Nel loro ricorso per Cassazione, gli imputati hanno sostenuto, tra le altre cose, che la Corte d’Appello avesse errato nell’attribuire a entrambi, in maniera indistinta, la responsabilità per tutti i fatti contestati, senza considerare chi fosse effettivamente in carica al momento delle presunte condotte illecite. In pratica, la condanna si basava su una sorta di responsabilità collettiva, senza un’analisi puntuale delle singole posizioni.
La Decisione della Corte di Cassazione sulla bancarotta fraudolenta
La Suprema Corte ha accolto il ricorso degli imputati, annullando la sentenza di condanna e rinviando il caso a un’altra sezione della Corte d’Appello per un nuovo giudizio. Il fulcro della decisione risiede proprio nella critica alla motivazione della sentenza impugnata, giudicata carente e illogica.
I giudici di legittimità hanno evidenziato come la Corte territoriale avesse omesso di spiegare perché ciascun amministratore dovesse rispondere di atti compiuti in periodi in cui non ricopriva la carica formale.
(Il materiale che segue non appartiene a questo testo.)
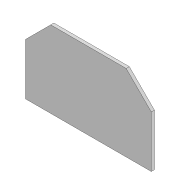
# Autodesk Inventor part: PSM_ECover
Saved by Autodesk Inventor 2022 (Build 260153000, 153)
## iProperties
Created: 2022-12-21
Part Number: PSM_ECover
Material: Generisch
Document SubType Name: Modeling
Designer: alexw
Density: 1 g/cm^3
Appearance: Vorgabe
Author: alexw
Autodesk Inventor part; units mm, degrees
ref_plane "YZ Plane" through (0, 0, 0) normal (1, 0, 0) x (0, 1, 0)
ref_plane "XZ Plane" through (0, 0, 0) normal (0, 1, 0) x (-1, 0, 0)
ref_plane "XY Plane" through (0, 0, 0) normal (0, 0, 1) x (1, 0, 0)
sketch "Skizze1" plane through (0, 0, 0) normal (0, 0, 1) x (1, 0, 0)
  line L0 (-100, 61) -> (100, 61)
  line L1 (100, 61) -> (100, -61)
  line L2 (100, -61) -> (-100, -61)
  line L3 (-100, -61) -> (-100, 61)
  line L4 (-100, 61) -> (100, -61) construction
  line L5 (100, 61) -> (-100, -61) construction
  line L6 (-100, 21) -> (-60, 61)
  line L7 (60, 61) -> (100, 21)
  point P0 (0, 0)
  dimension "d0" = 45
  dimension "d1" = 40
  dimension "d2" = 122
  dimension "d3" = 200
  dimension "d4" = 40
  dimension "d5" = 45
  constraints: 16 end point, 4 point on line, 2 midpoint, 2 parallel, 1 horizontal, 1 perpendicular
  measures "d0" angle of L3 L6
  measures "d1" distance from line of L6.end L3
  measures "d2" distance of L2.end L0.start
  measures "d3" distance of L1.end L2.end
  measures "d4" distance of L0.end L7.start
  measures "d5" angle of L1 L7
extrude "Extrusion1" add sketch "Skizze1" along normal blind 5 contours L0 L7 L1 L2 L3 L6
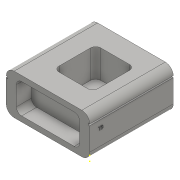
# Autodesk Inventor part: PassengerSectionNT
Saved by Autodesk Inventor 2016 (Build 200138000, 138)
## iProperties
Created: 2016-01-08
Part Number: PassengerSectionNT
Material: Generic
Document SubType Name: Modeling
Designer: 301278
Density: 1 g/cm^3
Appearance: Default
Author: 301278
Autodesk Inventor part; units mm, degrees
ref_plane "YZ Plane" through (0, 0, 0) normal (1, 0, 0) x (0, 1, 0)
ref_plane "XZ Plane" through (0, 0, 0) normal (0, 1, 0) x (-1, 0, 0)
ref_plane "XY Plane" through (0, 0, 0) normal (0, 0, 1) x (1, 0, 0)
sketch "Sketch1" plane through (0, 0, 0) normal (0, 0, 1) x (1, 0, 0)
  point P0 (0, 0)
sketch "Sketch2" plane through (0, 0, 0) normal (0, 0, 1) x (1, 0, 0)
  line L0 (7.62, 0) -> (72.898, 0)
  line L1 (80.518, 7.62) -> (80.518, 31.242)
  line L2 (72.898, 38.862) -> (7.62, 38.862)
  line L3 (0, 31.242) -> (0, 7.62)
  arc A0 (7.62, 38.862) -> (0, 31.242) centre (7.62, 31.242) ccw
  arc A1 (80.518, 31.242) -> (72.898, 38.862) centre (72.898, 31.242) ccw
  arc A2 (72.898, 0) -> (80.518, 7.62) centre (72.898, 7.62) ccw
  arc A3 (0, 7.62) -> (7.62, 0) centre (7.62, 7.62) ccw
  point P0 (0, 0)
  point P1 (80.518, 38.862)
  point P2 (80.518, 0)
  point P3 (0, 38.862)
  dimension "d0" = 80.518
  dimension "d1" = 38.862
  dimension "d2" = 7.62
  dimension "d3" = 7.62
  constraints: 8 end point, 8 point on circle, 8 point on line, 8 tangent, 4 centre point, 2 equal radius, 2 parallel, 1 horizontal, 1 perpendicular
  measures "d0" distance of point (0, 38.862) point (80.518, 38.862)
  measures "d1" distance of point (80.518, 38.862) point (80.518, 0)
  measures "d2" radius of A0
  measures "d3" radius of A1
extrude "Extrusion1" add sketch "Sketch2" along normal blind 80.518
sketch "Sketch3" plane through (0, 0, 80.518) normal (0, 0, 1) x (1, 0, 0)
  line L0 (13.716, 32.004) -> (66.802, 32.004)
  line L1 (71.882, 26.924) -> (71.882, 10.16)
  line L2 (66.802, 5.08) -> (13.716, 5.08)
  line L3 (8.636, 10.16) -> (8.636, 26.924)
  arc A0 (13.716, 32.004) -> (8.636, 26.924) centre (13.716, 26.924) ccw
  arc A1 (71.882, 26.924) -> (66.802, 32.004) centre (66.802, 26.924) ccw
  arc A2 (66.802, 5.08) -> (71.882, 10.16) centre (66.802, 10.16) ccw
  arc A3 (8.636, 10.16) -> (13.716, 5.08) centre (13.716, 10.16) ccw
  line L4 (72.898, 38.862) -> (7.62, 38.862) projected
  line L5 (0, 31.242) -> (0, 7.62) projected
  line L6 (80.518, 7.62) -> (80.518, 31.242) projected
  line L7 (72.898, 0) -> (7.62, 0) projected
  point P0 (0, 0)
  dimension "d6" = 5.08
  dimension "d7" = 5.08
  dimension "d8" = 6.858
  dimension "d9" = 8.636
  dimension "d10" = 8.636
  dimension "d11" = 5.08
  constraints: 8 end point, 8 point on circle, 8 tangent, 4 centre point, 2 equal radius, 2 parallel, 1 horizontal, 1 perpendicular
  measures "d6" radius of A0
  measures "d7" radius of A1
  measures "d8" distance between parallel lines of L4 L0
  measures "d9" distance between parallel lines of L5 L3
  measures "d10" distance between parallel lines of L6 L1
  measures "d11" distance from line of L7 L2.start
extrude "Extrusion2" cut sketch "Sketch3" against normal blind 14.478
sketch "Sketch4" plane through (0, 0, 0) normal (0, 0, -1) x (-1, 0, 0)
  line L0 (-65.659, 33.782) -> (-14.859, 33.782)
  line L1 (-9.779, 28.702) -> (-9.779, 10.16)
  line L2 (-14.859, 5.08) -> (-65.659, 5.08)
  line L3 (-70.739, 10.16) -> (-70.739, 28.702)
  arc A0 (-65.659, 33.782) -> (-70.739, 28.702) centre (-65.659, 28.702) ccw
  arc A1 (-70.739, 10.16) -> (-65.659, 5.08) centre (-65.659, 10.16) ccw
  arc A2 (-14.859, 5.08) -> (-9.779, 10.16) centre (-14.859, 10.16) ccw
  arc A3 (-9.779, 28.702) -> (-14.859, 33.782) centre (-14.859, 28.702) ccw
  line L4 (-7.62, 38.862) -> (-72.898, 38.862) projected
  line L5 (-72.898, 0) -> (-7.62, 0) projected
  line L6 (0, 7.62) -> (0, 31.242) projected
  line L7 (-80.518, 31.242) -> (-80.518, 7.62) projected
  point P0 (0, 0)
  dimension "d14" = 5.08
  dimension "d15" = 5.08
  dimension "d16" = 5.08
  dimension "d17" = 9.779
  dimension "d18" = 9.779
  constraints: 8 end point, 8 point on circle, 8 tangent, 4 centre point, 3 equal radius, 2 parallel, 1 horizontal, 1 perpendicular
  measures "d14" radius of A0
  measures "d15" distance between parallel lines of L4 L0
  measures "d16" distance between parallel lines of L5 L2
  measures "d17" distance between parallel lines of L6 L1
  measures "d18" distance between parallel lines of L7 L3
extrude "Extrusion3" cut sketch "Sketch4" against normal blind 14.478
sketch "Sketch5" plane through (14.859, 5.08, 0) normal (0, 1, 0) x (1, 0, 0)
  point P0 (-14.859, 0)
sketch "Sketch6" plane through (7.62, 38.862, 0) normal (0, 1, 0) x (1, 0, 0)
  line L0 (42.8172, -61.214) -> (15.357, -61.214)
  line L1 (10.277, -56.134) -> (10.277, -25.908)
  line L2 (15.357, -20.828) -> (42.8172, -20.828)
  line L3 (47.8972, -25.908) -> (47.8972, -56.134)
  arc A0 (42.8172, -61.214) -> (47.8972, -56.134) centre (42.8172, -56.134) ccw
  arc A1 (10.277, -56.134) -> (15.357, -61.214) centre (15.357, -56.134) ccw
  arc A2 (15.357, -20.828) -> (10.277, -25.908) centre (15.357, -25.908) ccw
  arc A3 (47.8972, -25.908) -> (42.8172, -20.828) centre (42.8172, -25.908) ccw
  line L4 (58.039, 0) -> (7.239, 0) projected
  point P0 (-7.62, 0)
  dimension "d21" = 5.08
  dimension "d22" = 40.386
  dimension "d23" = 20.828
  constraints: 8 end point, 8 point on circle, 8 tangent, 4 centre point, 3 equal radius, 2 parallel, 1 horizontal, 1 perpendicular
  measures "d21" radius of A0
  measures "d22" distance between parallel lines of L0 L2
  measures "d23" distance between parallel lines of L4 L2
extrude "Extrusion4" cut sketch "Sketch6" against normal blind 27.178
sketch "Sketch7" plane through (0, 7.62, 0) normal (-1, 0, 0) x (0, 0, 1)
  line L0 (8.0354, 16.9427) -> (12.7704, 16.9427) construction
  line L1 (12.7704, 16.9427) -> (12.7704, 13.7737) construction
  line L2 (12.7704, 13.7737) -> (8.0354, 13.7737) construction
  line L3 (8.0354, 13.7737) -> (8.0354, 16.9427) construction
  line L4 (9.0555, 13.833) -> (9.0555, 16.5204)
  line L5 (9.0555, 16.5204) -> (8.0329, 16.5204)
  line L6 (8.0329, 16.5204) -> (8.0329, 16.881)
  line L7 (8.0329, 16.881) -> (10.4832, 16.881)
  line L8 (10.4832, 16.881) -> (10.4832, 16.5204)
  line L9 (10.4832, 16.5204) -> (9.4606, 16.5204)
  line L10 (9.4606, 16.5204) -> (9.4606, 13.833)
  line L11 (9.4606, 13.833) -> (9.0555, 13.833)
  spline S0 degree 2 poles (10.6215, 15.8905) (10.6215, 16.1252) (10.7746, 16.5154) (10.908, 16.6562) knots 0 0 0 1 2 2 2
  spline S1 degree 2 poles (10.908, 16.6562) (11.034, 16.7921) (11.402, 16.9427) (11.5897, 16.9427) knots 0 0 0 1 2 2 2
  spline S2 degree 2 poles (11.5897, 16.9427) (11.7997, 16.9427) (12.1406, 16.8019) (12.2665, 16.6686) knots 0 0 0 1 2 2 2
  spline S3 degree 2 poles (12.2665, 16.6686) (12.4246, 16.5006) (12.5975, 15.9572) (12.5975, 15.5398) knots 0 0 0 1 2 2 2
  spline S4 degree 2 poles (12.5975, 15.5398) (12.5975, 15.1618) (12.4271, 14.4851) (12.2616, 14.2603) knots 0 0 0 1 2 2 2
  spline S5 degree 2 poles (12.2616, 14.2603) (12.0862, 14.0232) (11.5922, 13.7737) (11.2316, 13.7737) knots 0 0 0 1 2 2 2
  spline S6 degree 2 poles (11.2316, 13.7737) (11.1501, 13.7737) (10.9648, 13.791) (10.8858, 13.8157) knots 0 0 0 1 2 2 2
  line L12 (10.8858, 13.8157) -> (10.8858, 14.2084)
  line L13 (10.8858, 14.2084) -> (10.9055, 14.2084)
  spline S7 degree 2 poles (10.9055, 14.2084) (10.9574, 14.1788) (11.1748, 14.1269) (11.2859, 14.1269) knots 0 0 0 1 2 2 2
  spline S8 degree 2 poles (11.2859, 14.1269) (11.6861, 14.1269) (12.143, 14.6555) (12.1751, 15.1446) knots 0 0 0 1 2 2 2
  spline S9 degree 2 poles (12.1751, 15.1446) (12.0121, 15.0334) (11.7157, 14.9321) (11.5403, 14.9321) knots 0 0 0 1 2 2 2
  spline S10 degree 2 poles (11.5403, 14.9321) (11.3724, 14.9321) (11.0933, 15.0062) (10.9525, 15.1124) knots 0 0 0 1 2 2 2
  spline S11 degree 2 poles (10.9525, 15.1124) (10.7895, 15.2384) (10.6215, 15.6213) (10.6215, 15.8905) knots 0 0 0 1 2 2 2
  spline S12 degree 2 poles (12.185, 15.6311) (12.185, 15.9399) (12.0714, 16.3302) (11.9701, 16.4364) knots 0 0 0 1 2 2 2
  spline S13 degree 2 poles (11.9701, 16.4364) (11.8812, 16.5352) (11.696, 16.6093) (11.5873, 16.6093) knots 0 0 0 1 2 2 2
  spline S14 degree 2 poles (11.5873, 16.6093) (11.3353, 16.6093) (11.0365, 16.2487) (11.0365, 15.9078) knots 0 0 0 1 2 2 2
  spline S15 degree 2 poles (11.0365, 15.9078) (11.0365, 15.7151) (11.1353, 15.4657) (11.2439, 15.3767) knots 0 0 0 1 2 2 2
  spline S16 degree 2 poles (11.2439, 15.3767) (11.323, 15.3125) (11.5181, 15.2705) (11.6317, 15.2705) knots 0 0 0 1 2 2 2
  spline S17 degree 2 poles (11.6317, 15.2705) (11.7626, 15.2705) (12.064, 15.3619) (12.1776, 15.4385) knots 0 0 0 1 2 2 2
  spline S18 degree 2 poles (12.1776, 15.4385) (12.1801, 15.4681) (12.185, 15.5694) (12.185, 15.6311) knots 0 0 0 1 2 2 2
  point P0 (0, -7.62)
  constraints: 2 other
emboss "Emboss1" sketch "Sketch7" operation add depth 0.508 direction (1, 0, 0)
sketch "Sketch8" plane through (0, 0, 0) normal (0, 0, -1) x (-1, 0, 0)
  line L0 (0, 7.62) -> (0, 31.242) projected
  line L1 (0, 31.242) -> (-1.524, 31.242)
  line L2 (-1.524, 31.242) -> (-1.524, 29.718)
  line L3 (-1.524, 29.718) -> (0, 29.718)
  line L4 (0, 29.718) -> (0, 31.242)
  line L5 (-7.62, 38.862) -> (-72.898, 38.862) projected
  point P0 (0, 0)
  dimension "d28" = 7.62
  dimension "d29" = 1.524
  dimension "d30" = 1.524
  constraints: 8 end point, 2 parallel, 1 horizontal, 1 perpendicular, 1 point on line
  measures "d28" distance between parallel lines of L5 L1
  measures "d29" distance between parallel lines of L1 L3
  measures "d30" distance between parallel lines of L0 L2
extrude "Extrusion5" cut sketch "Sketch8" against normal blind 80.518
sketch "Sketch9" plane through (0, 0, 0) normal (0, 0, -1) x (-1, 0, 0)
  line L0 (-80.518, 7.62) -> (-80.518, 31.242) projected
  line L1 (-80.518, 31.242) -> (-78.994, 31.242)
  line L2 (-78.994, 31.242) -> (-78.994, 29.718)
  line L3 (-78.994, 29.718) -> (-80.518, 29.718)
  line L4 (-80.518, 29.718) -> (-80.518, 31.242)
  line L5 (-7.62, 38.862) -> (-72.898, 38.862) projected
  point P0 (0, 0)
  dimension "d33" = 1.524
  dimension "d34" = 1.524
  dimension "d35" = 7.62
  constraints: 8 end point, 2 parallel, 1 horizontal, 1 perpendicular, 1 point on line
  measures "d33" distance between parallel lines of L3 L1
  measures "d34" distance between parallel lines of L0 L2
  measures "d35" distance between parallel lines of L5 L1
extrude "Extrusion6" cut sketch "Sketch9" against normal blind 80.518
body "Solid1"
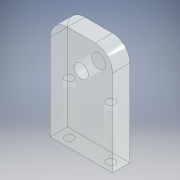
# Autodesk Inventor part: Z-Kettenhalter3
Saved by Autodesk Inventor 2021.3 (Build 253353000, 353)
## iProperties
Created: 2021-04-27
Part Number: Z-Kettenhalter3
Material: Generic
Document SubType Name: Modeling
Designer: Fabijan_Sven
Density: 1 g/cm^3
Appearance: Clear
Author: Fabijan_Sven
Autodesk Inventor part; units mm, degrees
ref_plane "YZ Plane" through (0, 0, 0) normal (1, 0, 0) x (0, 1, 0)
ref_plane "XZ Plane" through (0, 0, 0) normal (0, 1, 0) x (-1, 0, 0)
ref_plane "XY Plane" through (0, 0, 0) normal (0, 0, 1) x (1, 0, 0)
sketch "Sketch1" plane through (0, 0, 0) normal (0, 0, 1) x (1, 0, 0)
  line L0 (0, 0) -> (0, 5) projected
  line L1 (18, 0) -> (18, 5) projected
  line L2 (0, 0) -> (18, 0) projected
  line L3 (0, 0) -> (18, 0)
  line L4 (18, 0) -> (18, 30)
  line L5 (18, 30) -> (0, 30)
  line L6 (0, 30) -> (0, 0)
  dimension "d0" = 30
  constraints: 8 end point, 2 parallel, 1 collinear, 1 horizontal, 1 perpendicular
  measures "d0" distance of L3.end L4.end
extrude "Extrusion1" add sketch "Sketch1" along normal blind 5
fillet "Fillet1" radius 5 2 edges at (0, 30, 2.5) (18, 30, 2.5)
sketch "Sketch3" plane through (0, 0, 5) normal (0, 0, 1) x (1, 0, 0)
  circle A0 centre (9, 21) radius 2
  line L0 (0, 25) -> (0, 0) projected
  line L1 (13, 30) -> (5, 30) projected
  dimension "d11" = 9
  dimension "d12" = 9
  dimension "d13" = 4
  constraints: 1 centre point
  measures "d11" distance from line of L0 A0.centre
  measures "d12" distance from line of A0.centre L1
  measures "d13" diameter of A0
hole "Hole2" at (9, 21, 5) direction (0, 0, -1) diameter 4 depth 20 tip angle 118
sketch "Sketch4" plane through (0, 0, 0) normal (0, -1, 0) x (1, 0, 0)
  circle A0 centre (3, 2.5) radius 1.5
  circle A1 centre (15, 2.5) radius 1.5
  line L0 (0, 0) -> (18, 0) projected
  line L1 (0, 0) -> (0, 5) projected
  dimension "d21" = 12
  dimension "d22" = 2.5
  dimension "d23" = 2.5
  dimension "d24" = 3
  dimension "d25" = 3
  dimension "d26" = 3
  constraints: 2 centre point
  measures "d21" distance of A1.centre A0.centre
  measures "d22" distance from line of L0 A0.centre
  measures "d23" distance from line of L0 A1.centre
  measures "d24" distance from line of L1 A0.centre
  measures "d25" diameter of A0
  measures "d26" diameter of A1
hole "Hole3" at (3, 0, 2.5) at (15, 0, 2.5) direction (0, 1, 0) diameter 2.459 depth 15 tip angle 118 thread size "M3x0.5" class "6H" standard "ISO Metric profile"
equation "\"d14\" = d13"
body "Solid1"
Autodesk Inventor part; units mm, degrees
(part 2 of 2)
sketch "Sketch11" plane through (0, 0, 0) normal (0, -1, 0) x (1, 0, 0)
  arc A0 (-20.4663, -10.3703) -> (-20.3393, -10.1987) centre (-21.202, -9.693) ccw projected
  line L0 (-20.4663, -10.3703) -> (-19.459, -11.1159) projected
  arc A1 (-20.4246, -11.8044) -> (-19.459, -11.1159) centre (-21.202, -9.693) ccw projected
  line L1 (-20.4246, -11.8044) -> (-20.8013, -10.6092) projected
  arc A2 (-21.0049, -10.6734) -> (-20.8013, -10.6092) centre (-21.202, -9.693) ccw projected
  line L2 (-21.0049, -10.6734) -> (-20.6282, -11.8686) projected
  arc A3 (-21.8141, -11.8581) -> (-20.6282, -11.8686) centre (-21.202, -9.693) ccw projected
  line L3 (-21.8141, -11.8581) -> (-21.4164, -10.6698) projected
  arc A4 (-21.6188, -10.602) -> (-21.4164, -10.6698) centre (-21.202, -9.693) ccw projected
  line L4 (-21.6188, -10.602) -> (-22.0166, -11.7904) projected
  arc A5 (-22.9699, -11.0848) -> (-22.0166, -11.7904) centre (-21.202, -9.693) ccw projected
  line L5 (-22.9699, -11.0848) -> (-21.9495, -10.3572) projected
  arc A6 (-22.0735, -10.1834) -> (-21.9495, -10.3572) centre (-21.202, -9.693) ccw projected
  line L6 (-22.0735, -10.1834) -> (-23.0938, -10.911) projected
  arc A7 (-23.4503, -9.7799) -> (-23.0938, -10.911) centre (-21.202, -9.693) ccw projected
  line L7 (-23.4503, -9.7799) -> (-22.1972, -9.791) projected
  arc A8 (-22.1953, -9.5775) -> (-22.1972, -9.791) centre (-21.202, -9.693) ccw projected
  line L8 (-22.1953, -9.5775) -> (-23.4484, -9.5664) projected
  arc A9 (-23.072, -8.4418) -> (-23.4484, -9.5664) centre (-21.202, -9.693) ccw projected
  line L9 (-23.072, -8.4418) -> (-22.0647, -9.1873) projected
  arc A10 (-21.9377, -9.0157) -> (-22.0647, -9.1873) centre (-21.202, -9.693) ccw projected
  line L10 (-21.9377, -9.0157) -> (-22.945, -8.2701) projected
  arc A11 (-21.9794, -7.5816) -> (-22.945, -8.2701) centre (-21.202, -9.693) ccw projected
  line L11 (-21.9794, -7.5816) -> (-21.6027, -8.7768) projected
  arc A12 (-21.3991, -8.7126) -> (-21.6027, -8.7768) centre (-21.202, -9.693) ccw projected
  line L12 (-21.3991, -8.7126) -> (-21.7758, -7.5174) projected
  arc A13 (-20.5899, -7.5279) -> (-21.7758, -7.5174) centre (-21.202, -9.693) ccw projected
  line L13 (-20.5899, -7.5279) -> (-20.9876, -8.7162) projected
  arc A14 (-20.7852, -8.784) -> (-20.9876, -8.7162) centre (-21.202, -9.693) ccw projected
  line L14 (-20.7852, -8.784) -> (-20.3874, -7.5956) projected
  arc A15 (-19.4341, -8.3012) -> (-20.3874, -7.5956) centre (-21.202, -9.693) ccw projected
  line L15 (-19.4341, -8.3012) -> (-20.4545, -9.0288) projected
  arc A16 (-20.3305, -9.2026) -> (-20.4545, -9.0288) centre (-21.202, -9.693) ccw projected
  line L16 (-20.3305, -9.2026) -> (-19.3102, -8.475) projected
  arc A17 (-18.9537, -9.6061) -> (-19.3102, -8.475) centre (-21.202, -9.693) ccw projected
  line L17 (-18.9537, -9.6061) -> (-20.2068, -9.595) projected
  arc A18 (-20.2087, -9.8085) -> (-20.2068, -9.595) centre (-21.202, -9.693) ccw projected
  line L18 (-20.2087, -9.8085) -> (-18.9556, -9.8196) projected
  arc A19 (-19.332, -10.9442) -> (-18.9556, -9.8196) centre (-21.202, -9.693) ccw projected
  line L19 (-19.332, -10.9442) -> (-20.3393, -10.1987) projected
  circle A20 centre (0, 28.15) radius 6.2 projected
  arc A21 (20.3393, -10.1987) -> (20.4663, -10.3703) centre (21.202, -9.693) ccw projected
  line L20 (19.332, -10.9442) -> (20.3393, -10.1987) projected
  arc A22 (18.9556, -9.8196) -> (19.332, -10.9442) centre (21.202, -9.693) ccw projected
  line L21 (20.2087, -9.8085) -> (18.9556, -9.8196) projected
  arc A23 (20.2068, -9.595) -> (20.2087, -9.8085) centre (21.202, -9.693) ccw projected
  line L22 (18.9537, -9.6061) -> (20.2068, -9.595) projected
  arc A24 (19.3102, -8.475) -> (18.9537, -9.6061) centre (21.202, -9.693) ccw projected
  line L23 (20.3305, -9.2026) -> (19.3102, -8.475) projected
  arc A25 (20.4545, -9.0288) -> (20.3305, -9.2026) centre (21.202, -9.693) ccw projected
  line L24 (19.4341, -8.3012) -> (20.4545, -9.0288) projected
  arc A26 (20.3874, -7.5956) -> (19.4341, -8.3012) centre (21.202, -9.693) ccw projected
  line L25 (20.7852, -8.784) -> (20.3874, -7.5956) projected
  arc A27 (20.9876, -8.7162) -> (20.7852, -8.784) centre (21.202, -9.693) ccw projected
  line L26 (20.5899, -7.5279) -> (20.9876, -8.7162) projected
  arc A28 (21.7758, -7.5174) -> (20.5899, -7.5279) centre (21.202, -9.693) ccw projected
  line L27 (21.3991, -8.7126) -> (21.7758, -7.5174) projected
  arc A29 (21.6027, -8.7768) -> (21.3991, -8.7126) centre (21.202, -9.693) ccw projected
  line L28 (21.9794, -7.5816) -> (21.6027, -8.7768) projected
  arc A30 (22.945, -8.2701) -> (21.9794, -7.5816) centre (21.202, -9.693) ccw projected
  line L29 (21.9377, -9.0157) -> (22.945, -8.2701) projected
  arc A31 (22.0647, -9.1873) -> (21.9377, -9.0157) centre (21.202, -9.693) ccw projected
  line L30 (23.072, -8.4418) -> (22.0647, -9.1873) projected
  arc A32 (23.4484, -9.5664) -> (23.072, -8.4418) centre (21.202, -9.693) ccw projected
  line L31 (22.1953, -9.5775) -> (23.4484, -9.5664) projected
  arc A33 (22.1972, -9.791) -> (22.1953, -9.5775) centre (21.202, -9.693) ccw projected
  line L32 (23.4503, -9.7799) -> (22.1972, -9.791) projected
  arc A34 (23.0938, -10.911) -> (23.4503, -9.7799) centre (21.202, -9.693) ccw projected
  line L33 (22.0735, -10.1834) -> (23.0938, -10.911) projected
  arc A35 (21.9495, -10.3572) -> (22.0735, -10.1834) centre (21.202, -9.693) ccw projected
  line L34 (22.9699, -11.0848) -> (21.9495, -10.3572) projected
  arc A36 (22.0166, -11.7904) -> (22.9699, -11.0848) centre (21.202, -9.693) ccw projected
  line L35 (21.6188, -10.602) -> (22.0166, -11.7904) projected
  arc A37 (21.4164, -10.6698) -> (21.6188, -10.602) centre (21.202, -9.693) ccw projected
  line L36 (21.8141, -11.8581) -> (21.4164, -10.6698) projected
  arc A38 (20.6282, -11.8686) -> (21.8141, -11.8581) centre (21.202, -9.693) ccw projected
  line L37 (21.0049, -10.6734) -> (20.6282, -11.8686) projected
  arc A39 (20.8013, -10.6092) -> (21.0049, -10.6734) centre (21.202, -9.693) ccw projected
  line L38 (20.4246, -11.8044) -> (20.8013, -10.6092) projected
  arc A40 (19.459, -11.1159) -> (20.4246, -11.8044) centre (21.202, -9.693) ccw projected
  line L39 (20.4663, -10.3703) -> (19.459, -11.1159) projected
  arc A41 (-20.3393, -25.0623) -> (-20.4663, -24.8907) centre (-21.202, -25.568) ccw projected
  line L40 (-19.332, -24.3168) -> (-20.3393, -25.0623) projected
  arc A42 (-18.9556, -25.4414) -> (-19.332, -24.3168) centre (-21.202, -25.568) ccw projected
  line L41 (-20.2087, -25.4525) -> (-18.9556, -25.4414) projected
  arc A43 (-20.2068, -25.666) -> (-20.2087, -25.4525) centre (-21.202, -25.568) ccw projected
  line L42 (-18.9537, -25.6549) -> (-20.2068, -25.666) projected
  arc A44 (-19.3102, -26.786) -> (-18.9537, -25.6549) centre (-21.202, -25.568) ccw projected
  line L43 (-20.3305, -26.0584) -> (-19.3102, -26.786) projected
  arc A45 (-20.4545, -26.2322) -> (-20.3305, -26.0584) centre (-21.202, -25.568) ccw projected
  line L44 (-19.4341, -26.9598) -> (-20.4545, -26.2322) projected
  arc A46 (-20.3874, -27.6654) -> (-19.4341, -26.9598) centre (-21.202, -25.568) ccw projected
  line L45 (-20.7852, -26.477) -> (-20.3874, -27.6654) projected
  arc A47 (-20.9876, -26.5448) -> (-20.7852, -26.477) centre (-21.202, -25.568) ccw projected
  line L46 (-20.5899, -27.7331) -> (-20.9876, -26.5448) projected
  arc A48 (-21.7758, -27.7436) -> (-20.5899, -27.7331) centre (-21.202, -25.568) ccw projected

Attribuire la responsabilità a titolo di ‘concorrente esterno’ o di ‘amministratore di fatto’ richiede una prova rigorosa e una motivazione specifica, elementi totalmente assenti nella sentenza d’appello.
L’onere della prova e la distinzione delle responsabilità
La Cassazione ha ribadito un principio fondamentale: per affermare la responsabilità penale per bancarotta fraudolenta, non è sufficiente constatare l’esistenza di un danno per i creditori. È indispensabile dimostrare, al di là di ogni ragionevole dubbio, che una specifica condotta illecita, posta in essere da un determinato soggetto, abbia causato quel danno.
Nel caso di successione di amministratori, ciò significa che il giudice deve:
1. Identificare temporalmente le singole condotte distrattive o le irregolarità contabili.
2. Collegare ciascuna condotta al periodo di gestione dell’amministratore in carica in quel momento.
3. Motivare in modo specifico l’eventuale responsabilità di un amministratore per fatti avvenuti al di fuori del suo mandato, ad esempio provando un accordo fraudolento (concerto) con il suo successore o predecessore.
Le Motivazioni della Sentenza
La Corte ha sottolineato che la sentenza d’appello presentava ‘lacune motivazionali’ decisive. Per quanto riguarda la bancarotta patrimoniale, non era stato chiarito su quale base si fondasse il ‘supposto concerto’ tra i due imputati che avrebbe giustificato una responsabilità solidale. Per la bancarotta documentale, non era stato precisato, ad esempio, se le fatture occultate fossero ancora presenti in azienda al momento del cambio di gestione, né perché un amministratore dovesse rispondere di annotazioni contabili effettuate quando aveva già lasciato la carica. Questa incertezza si rifletteva inevitabilmente anche sulla prova del dolo, ovvero l’intenzione di frodare i creditori, che deve essere accertata individualmente.
Le Conclusioni
La sentenza rappresenta un importante monito per i giudici di merito. In materia di reati fallimentari, e in particolare di bancarotta fraudolenta, non sono ammesse scorciatoie probatorie o motivazioni generiche. La responsabilità penale è strettamente personale e deve essere ancorata a fatti precisi e circoscritti nel tempo. Quando più soggetti si avvicendano al vertice di una società, l’accusa deve provare, e il giudice deve motivare, il nesso causale tra la condotta di ciascuno e il dissesto dell’impresa, senza poter ricorrere a presunzioni di colpevolezza basate sulla mera successione delle cariche.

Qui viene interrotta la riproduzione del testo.